Oh, and don't throw in the towel. Wipe the sweat off with it and give it a new go.


----------



## 3285jeff (Sep 12, 2013)

no,,actually I ordered the penn state one from amazon,,i believe its the csc3000 tn plated,,and yes I did cut a tendon joint in it,,and to be honest,,im scared now to do anything on the lathe,,lol,,im not a quitter as a rule but again I don't want to be smacked up side my head either,,,lol


----------



## LeeMills (Nov 2, 2014)

My mistake, I thought you had the G3. I am not real familiar with the PSI so form the tenon as the jaws require, some jaws are straight and some dovetail.
Did you use tailstock support? You can do most of the hollowing with a pull cut rather than a push cut and leave the tailstock in place for quite a while.
Others may have better ideas on the potential problem. As John said, it may just be too large a tenon for the jaws.
If you watch the videos it is extremely important to have a flat surface for the top of the jaws to seat against and the tenon should not bottom out inside the chuck jaws.


----------



## 3285jeff (Sep 12, 2013)

thank you,,i did not try the pulling it back on the end,,,,i was thinking about getting some tools,,all I have is a rougting gouge and skew,,and parting tool,,these are tools that came with a shopsmith


----------



## crank49 (Apr 7, 2010)

A *tendon* is what attaches a muscle to a bone.

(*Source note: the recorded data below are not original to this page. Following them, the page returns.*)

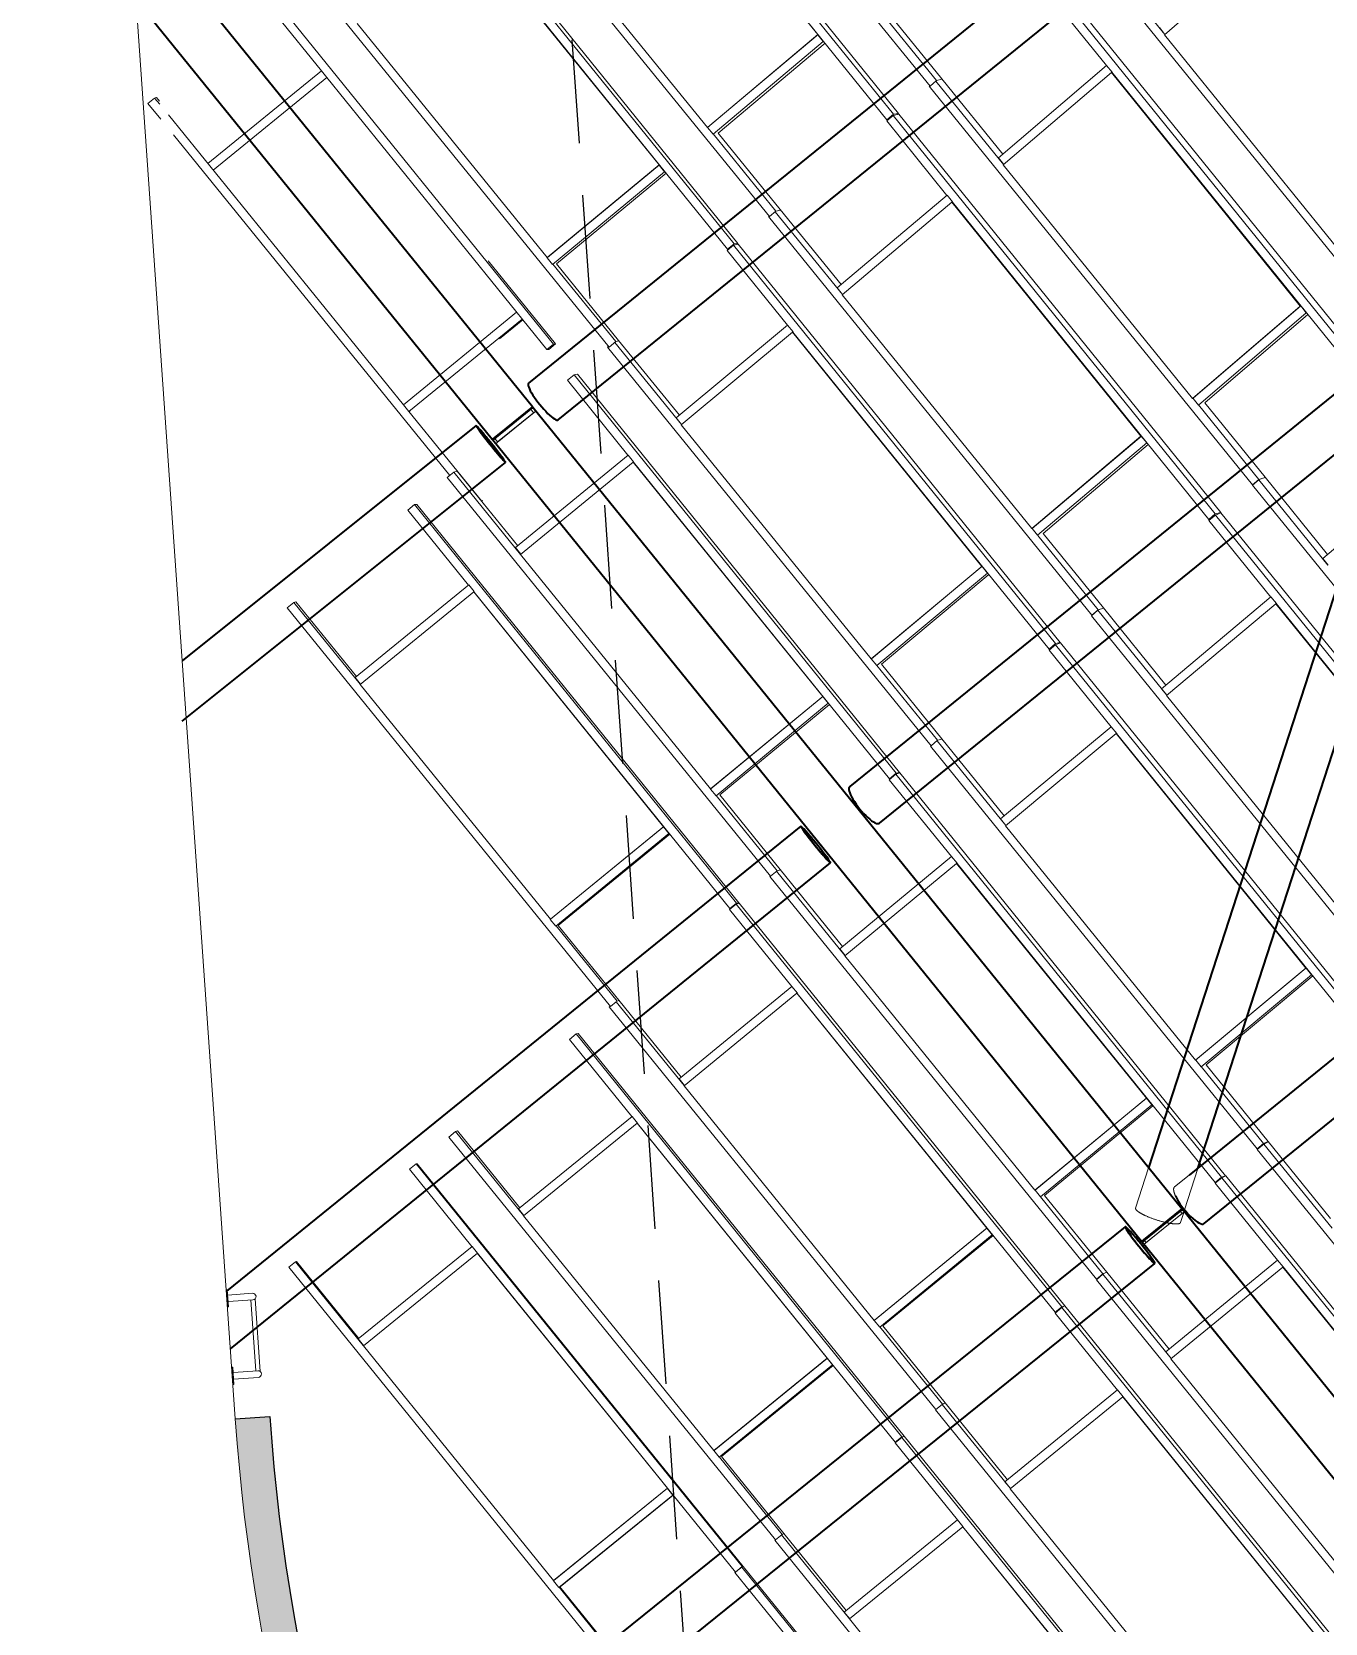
# Model space of a CAD drawing. Header units: millimetres. Extents: x 834681283 to 835686922, y 817551134 to 819407044.
# Drawn here: x 835230313 to 835237800, y 818107590 to 818116803 of the extents above; entities that cross this region are included whole.
import ezdxf
from ezdxf.xclip import XClip

# ---------------------------------------------------------------- set-up
doc = ezdxf.new("R2010")
doc.units = ezdxf.units.MM
doc.header["$LTSCALE"] = 1200
doc.header["$MEASUREMENT"] = 0
doc.header["$XCLIPFRAME"] = 0
for name, pattern in [('P01-MAAN-P-EVA$0$HIDDENX2', [0.75, 0.5, -0.25]), ('P01-MAGP-EVA-GREENERY$0$HIDDEN', [0.375, 0.25, -0.125]), ('P01-MAGP-P-RF$0$P01-MBDR-P-B1$0$FDA(cad v 2007)$0$HIDDENX2', [0.75, 0.5, -0.25]), ('P01-MAGP-P-RF$0$P01_MS_01_N1-FloorPlan-PART2OFUPPERROOFSETTINGOUT$0$BH DASHED2', [3, 2, -1]), ('P01-MAGP-P-RF$0$PHANTOM', [2.5, 1.25, -0.25, 0.25, -0.25, 0.25, -0.25])]:
    doc.linetypes.add(name, pattern=pattern)
doc.layers.get('Defpoints').update_dxf_attribs({"color": 15})
for name, color, linetype, lineweight in [('AR-PLANT_AR_BS_MI_', 9, 'Continuous', 25), ('P01-MAGP-EVA-GREENERY$0$DR-FLD', 8, 'Continuous', 25), ('P01-MAGP-P-RF$0$AR-HATCH_AR_', 253, 'Continuous', 13), ('P01-MAGP-P-RF$0$AR-PLANT_AR_BS_MI_', 4, 'Continuous', 25), ('P01-MAGP-P-RF$0$AR-ROOF_AR_BS_MI_', 3, 'Continuous', 18), ('P01-MAGP-P-RF$0$AR-STAIR_AR_BS_MI_', 253, 'Continuous', 18), ('P01-MAGP-P-RF$0$MMH053__', 253, 'P01-MAGP-P-RF$0$PHANTOM', 40), ('P01-MAGP-P-RF$0$P01_MS_01_N1-FloorPlan-PART2OFUPPERROOFSETTINGOUT$0$S-BEAM', 253, 'Continuous', 35), ('P01-MAGP-P-RF$0$P01_MS_01_N1-FloorPlan-PART2OFUPPERROOFSETTINGOUT$0$S-BEAM-HIDN', 253, 'P01-MAGP-P-RF$0$P01_MS_01_N1-FloorPlan-PART2OFUPPERROOFSETTINGOUT$0$BH DASHED2', 18), ('P01-MAGP-P-RF$0$ROOF MESH HALF TONE$0$A-GLAZ', 253, 'Continuous', 9)]:
    doc.layers.add(name, color=color, linetype=linetype, lineweight=lineweight)
for name, color, linetype in [('P01-MAAN-P-EVA$0$ADA08640', 2, 'Continuous'), ('P01-MAAN-P-EVA$0$HATCH', 9, 'Continuous'), ('P01-MAGP-EVA-GREENERY$0$SURFACE CHANNEL', 8, 'Continuous')]:
    doc.layers.add(name, color=color, linetype=linetype)
pattern_1 = [(3.998948738, (0, 0), (27.2443254035, 65.5595853656), [0, -63.5])]

# ---------------------------------------------------------------- blocks, each defined once
blk = doc.blocks.new('P01-MAGP-P-RF$0$P01_MS_01_N1-FloorPlan-PART2OFUPPERROOFSETTINGOUT$0$Circular Hollow Sections - CHS273x10_PSB97-8455083-PART 2 OF  UPPER ROOF SETTING OUT')
at = {"layer": 'P01-MAGP-P-RF$0$P01_MS_01_N1-FloorPlan-PART2OFUPPERROOFSETTINGOUT$0$S-BEAM'}
for p, q in [((10880.9, 18250.7), (7343.3, 15785.6)), ((7499.4, 15561.6), (11036.9, 18026.7))]:
    blk.add_line(p, q, dxfattribs=at)
for centre, major_axis, start_param, end_param in [((10958.9, 18138.7), (-78, 112), 0, 3.141593), ((10958.9, 18138.7), (-78, 112), 3.141593, 6.283185), ((10958.9, 18138.7), (-72.3, 103.8), 0, 1.244298), ((10958.9, 18138.7), (-72.3, 103.8), 3.141593, 6.283185), ((10958.9, 18138.7), (-72.3, 103.8), 1.256637, 3.141593), ((7421.3, 15673.6), (-78, 112), 0, 3.141593)]:
    blk.add_ellipse(centre, major_axis=major_axis, ratio=0.065415, start_param=start_param, end_param=end_param, dxfattribs=at)
blk = doc.blocks.new('P01-MAGP-P-RF$0$P01_MS_01_N1-FloorPlan-PART2OFUPPERROOFSETTINGOUT$0$Circular Hollow Sections - CHS273x16_PSB98-8444187-PART 2 OF  UPPER ROOF SETTING OUT')
at = {"layer": 'P01-MAGP-P-RF$0$P01_MS_01_N1-FloorPlan-PART2OFUPPERROOFSETTINGOUT$0$S-BEAM'}
for p, q in [((18270, 23424.1), (11270.8, 18523.3)), ((11338.3, 18237.2), (18190.5, 23035.2))]:
    blk.add_line(p, q, dxfattribs=at)
blk.add_ellipse((11260, 18349.1), major_axis=(-78.3, 111.8), ratio=0.281474, start_param=0.827968, end_param=3.141593, dxfattribs=at)
at = {"layer": 'P01-MAGP-P-RF$0$P01_MS_01_N1-FloorPlan-PART2OFUPPERROOFSETTINGOUT$0$S-BEAM-HIDN'}
blk.add_line((11270.8, 18523.3), (11181.7, 18460.9), dxfattribs=at)
blk.add_ellipse((11260, 18349.1), major_axis=(-78.3, 111.8), ratio=0.281474, start_param=0, end_param=0.827603, dxfattribs=at)
blk = doc.blocks.new('P01-MAGP-P-RF$0$P01_MS_01_N1-FloorPlan-PART2OFUPPERROOFSETTINGOUT$0$Circular Hollow Sections - CHS273x10_PSB97-8444134-PART 2 OF  UPPER ROOF SETTING OUT')
at = {"layer": 'P01-MAGP-P-RF$0$P01_MS_01_N1-FloorPlan-PART2OFUPPERROOFSETTINGOUT$0$S-BEAM'}
for p, q in [((16558.2, 25868.9), (9467.6, 20904)), ((9624.1, 20680.4), (16714.7, 25645.2))]:
    blk.add_line(p, q, dxfattribs=at)
blk.add_ellipse((9545.9, 20792.2), major_axis=(-78.3, 111.8), ratio=0.265654, start_param=0, end_param=3.141593, dxfattribs=at)
blk = doc.blocks.new('P01-MAGP-P-RF$0$P01_MS_01_N1-FloorPlan-PART2OFUPPERROOFSETTINGOUT$0$Circular Hollow Sections - CHS273x8_PSB100-8473083-PART 2 OF  UPPER ROOF SETTING OUT')
at = {"layer": 'P01-MAGP-P-RF$0$P01_MS_01_N1-FloorPlan-PART2OFUPPERROOFSETTINGOUT$0$S-BEAM'}
for p, q in [((12759.3, 22848.5), (11040, 18581.6)), ((11324.6, 18557.6), (13012.5, 22746.4)), ((11226.8, 18314.8), (11230.7, 18324.5))]:
    blk.add_line(p, q, dxfattribs=at)
for centre, major_axis, start_param, end_param in [((12885.9, 22797.4), (-126.6, 51), 0, 3.141593), ((12885.9, 22797.4), (-126.6, 51), 3.141593, 6.283185), ((12885.9, 22797.4), (-119.2, 48), 3.141593, 6.283185), ((12885.9, 22797.4), (-119.2, 48), 0, 3.141593), ((11075, 18303.4), (-126.6, 51), 1.972208, 1.999195)]:
    blk.add_ellipse(centre, major_axis=major_axis, ratio=0.20284, start_param=start_param, end_param=end_param, dxfattribs=at)
at = {"layer": 'P01-MAGP-P-RF$0$P01_MS_01_N1-FloorPlan-PART2OFUPPERROOFSETTINGOUT$0$S-BEAM-HIDN'}
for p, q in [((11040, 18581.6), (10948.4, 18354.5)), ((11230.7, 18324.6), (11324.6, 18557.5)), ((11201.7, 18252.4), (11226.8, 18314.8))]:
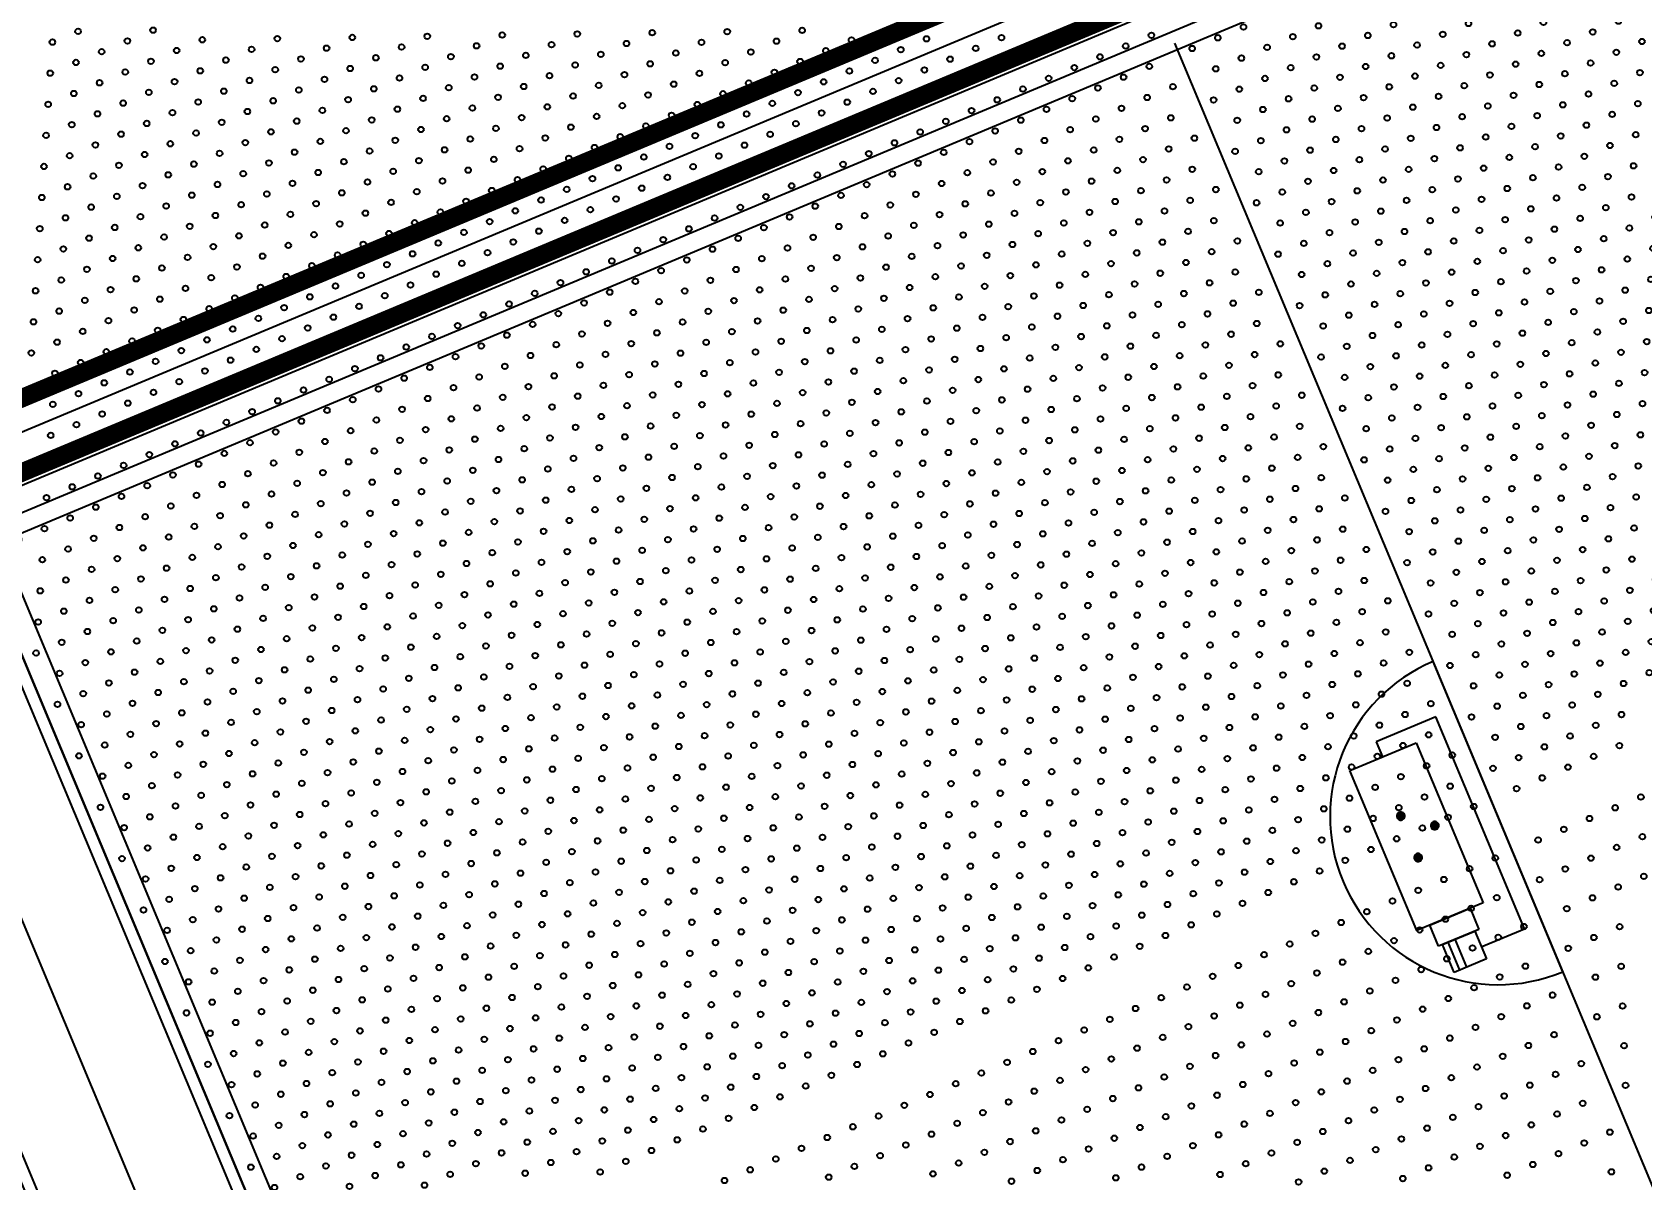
# Model space of a CAD drawing. Header units: millimetres. Extents: x 712803 to 922331, y -1382701 to -1225629.
# Drawn here: x 787346 to 789080, y -1316865 to -1315629 of the extents above; entities that cross this region are included whole.
import ezdxf

# ---------------------------------------------------------------- set-up
doc = ezdxf.new("R2010")
doc.units = ezdxf.units.MM
doc.header["$LTSCALE"] = 10
doc.header["$MEASUREMENT"] = 0
doc.linetypes.add('ACAD_ISO05W100', pattern=[33, 24, -3, 0, -3, 0, -3])
for name, color, linetype in [('I—平顶-投影仪、监控', 62, 'Continuous'), ('I—平顶—分格线', 8, 'Continuous'), ('I—平顶—暖通', 144, 'Continuous'), ('I—平顶—消防设施', 10, 'Continuous'), ('I—平顶—造型', 122, 'Continuous'), ('I—装饰—尺寸标注', 232, 'Continuous')]:
    doc.layers.add(name, color=color, linetype=linetype)
doc.styles.add('ARIAL', font='arial.ttf')
doc.dimstyles.new('XD30', dxfattribs={"dimscale": 30, "dimtxt": 2.5, "dimasz": 1, "dimexe": 1, "dimexo": 1, "dimgap": 0.8, "dimtad": 1, "dimdec": 0, "dimrnd": 5, "dimdsep": 46, "dimtxsty": 'ARIAL', "dimblk1": 'ARCHTICK', "dimblk2": 'ARCHTICK', "dimsah": 1, "dimcen": -0.9, "dimdle": 1, "dimclrd": 256, "dimclre": 256, "dimclrt": 40, "dimaunit": 1, "dimadec": 0, "dimazin": 0, "dimtfac": 0.35, "dimtdec": 0, "dimtix": 1, "dimtmove": 2, "dimatfit": 3, "dimldrblk": 'ARCHTICK', "dimfxl": 0, "dimtvp": 0.8, "dimtolj": 1, "dimtzin": 0, "dimarcsym": 0})

# ---------------------------------------------------------------- blocks, each defined once
blk = doc.blocks.new('_ArchTick')
at = {"color": 0, "linetype": 'ByBlock', "const_width": 0.15}
blk.add_lwpolyline([(-0.5, -0.5), (0.5, 0.5)], dxfattribs=at)
blk = doc.blocks.new('*D1586')
at = {"layer": 'Defpoints', "color": 0, "ltscale": 50, "transparency": 16777216}
for p in [(712802.6, -1325596.1, 277.1), (794966.1, -1327810.6, 276.8), (794557.8, -1327981.3)]:
    blk.add_point(p, dxfattribs=at)
at = {"layer": 'I—装饰—尺寸标注', "lineweight": -2, "ltscale": 50, "transparency": 16777216}
for p, q in [((781534.8, -1296829.9), (794569.3, -1328009)), ((781408, -1296915.4), (781574.1, -1296846)), ((794673.4, -1327932.9), (794530.1, -1327992.9))]:
    blk.add_line(p, q, dxfattribs=at)
at = {"layer": 'I—装饰—尺寸标注', "lineweight": -2, "ltscale": 50, "transparency": 16777216, "xscale": 30, "yscale": 30, "zscale": 30}
for p, rotation in [((781546.4, -1296857.5), 112.6875065896419), ((794557.8, -1327981.3), 292.6875065896419)]:
    blk.add_blockref('_ArchTick', p, dxfattribs=dict(at, rotation=rotation))
at = {"layer": 'I—装饰—尺寸标注', "color": 40, "ltscale": 50, "transparency": 16777216, "insert": (788109.6, -1312395.4), "char_height": 75, "attachment_point": 5, "rotation": 292.6875, "style": 'ARIAL'}
blk.add_mtext('\\A1;33735', dxfattribs=at)
blk = doc.blocks.new('*U1701')
for p, q in [((273.62, 75.85), (3842.38, 75.85)), ((273.62, 40.3), (3842.38, 40.3)), ((3847.12, 0), (268.88, 0)), ((3842.38, 4.74), (273.62, 4.74))]:
    blk.add_line(p, q)
blk = doc.blocks.new('1080P半球')
h = blk.add_hatch(color=256)
edge = h.paths.add_edge_path()
edge.add_ellipse((331, -135.7), major_axis=(3.05, 3.05), ratio=1, start_angle=315, end_angle=495)
edge.add_ellipse((331, -135.7), major_axis=(3.05, 3.05), ratio=1, start_angle=135, end_angle=315)
h = blk.add_hatch(color=256)
edge = h.paths.add_edge_path()
edge.add_ellipse((307.5, -165.5), major_axis=(3.05, 3.05), ratio=1, start_angle=315, end_angle=495)
edge.add_ellipse((307.5, -165.5), major_axis=(3.05, 3.05), ratio=1, start_angle=135, end_angle=315)
h = blk.add_hatch(color=256)
edge = h.paths.add_edge_path()
edge.add_ellipse((355.9, -165.5), major_axis=(3.05, 3.05), ratio=1, start_angle=315, end_angle=495)
edge.add_ellipse((355.9, -165.5), major_axis=(3.05, 3.05), ratio=1, start_angle=135, end_angle=315)
for p, q in [((529.4, -69), (167.3, -69)), ((470.7, -89.4), (223.4, -89.4)), ((223.4, -89.4), (223.4, -159.1)), ((470.7, -139.7), (470.7, -89.4)), ((241.1, -197.2), (241.1, -119.8)), ((241.1, -119.8), (427.9, -119.8)), ((427.9, -119.8), (427.9, -197.2)), ((427.9, -182), (427.9, -134.9)), ((427.9, -134.9), (452.5, -134.9)), ((452.5, -134.9), (452.5, -182)), ((452.5, -177.3), (452.5, -139.7)), ((452.5, -139.7), (485, -139.7)), ((485, -139.7), (485, -177.3)), ((223.4, -159.1), (241.1, -159.1)), ((485, -162.5), (452.5, -162.5)), ((485, -170.6), (452.5, -170.6)), ((452.5, -182), (427.9, -182)), ((485, -177.3), (452.5, -177.3)), ((427.9, -197.2), (241.1, -197.2))]:
    blk.add_line(p, q)
blk.add_arc((348.4, -69), 181, 180, 0)
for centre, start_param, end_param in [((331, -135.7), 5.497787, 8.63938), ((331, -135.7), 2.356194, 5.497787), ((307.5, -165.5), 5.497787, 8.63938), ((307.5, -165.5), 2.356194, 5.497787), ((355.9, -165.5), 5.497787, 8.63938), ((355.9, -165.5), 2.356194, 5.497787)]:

A *tenon* is an extended portion of a wood component used for attachment.

Just sayin.


----------



## 3285jeff (Sep 12, 2013)

please excuse my ignorance at spelling some words on here,,,i never went to college or have any degree


----------



## crank49 (Apr 7, 2010)

Please, no excuse needed. I was just trying to help get the terminology correct.
There are a lot of terms to learn in wood working.


----------



## TheDane (May 15, 2008)

> ... all I have is a rougting gouge and skew,,and parting tool,,these are tools that came with a shopsmith


Then you don't have the right tools. You cannot use a roughing gouge on a bowl … it is dangerous. Same goes for the skew and parting tool.


----------



## LeeMills (Nov 2, 2014)

Heck Jeff, although it had heard it (never saw it written) I thought a Morse Taper was a Morris Taper for years … must be my southern. 
I posted on a UK forum years ago to see if there was any difference in a spigot and a tenon. Nope. Nova instructions do not have tenons, they have spigots.

The roughing gouge can be dangerous with a bowl. The tang is weak compared to a bowl gouge and the tip is usually almost straight instead of swept back making it easy to catch the corner.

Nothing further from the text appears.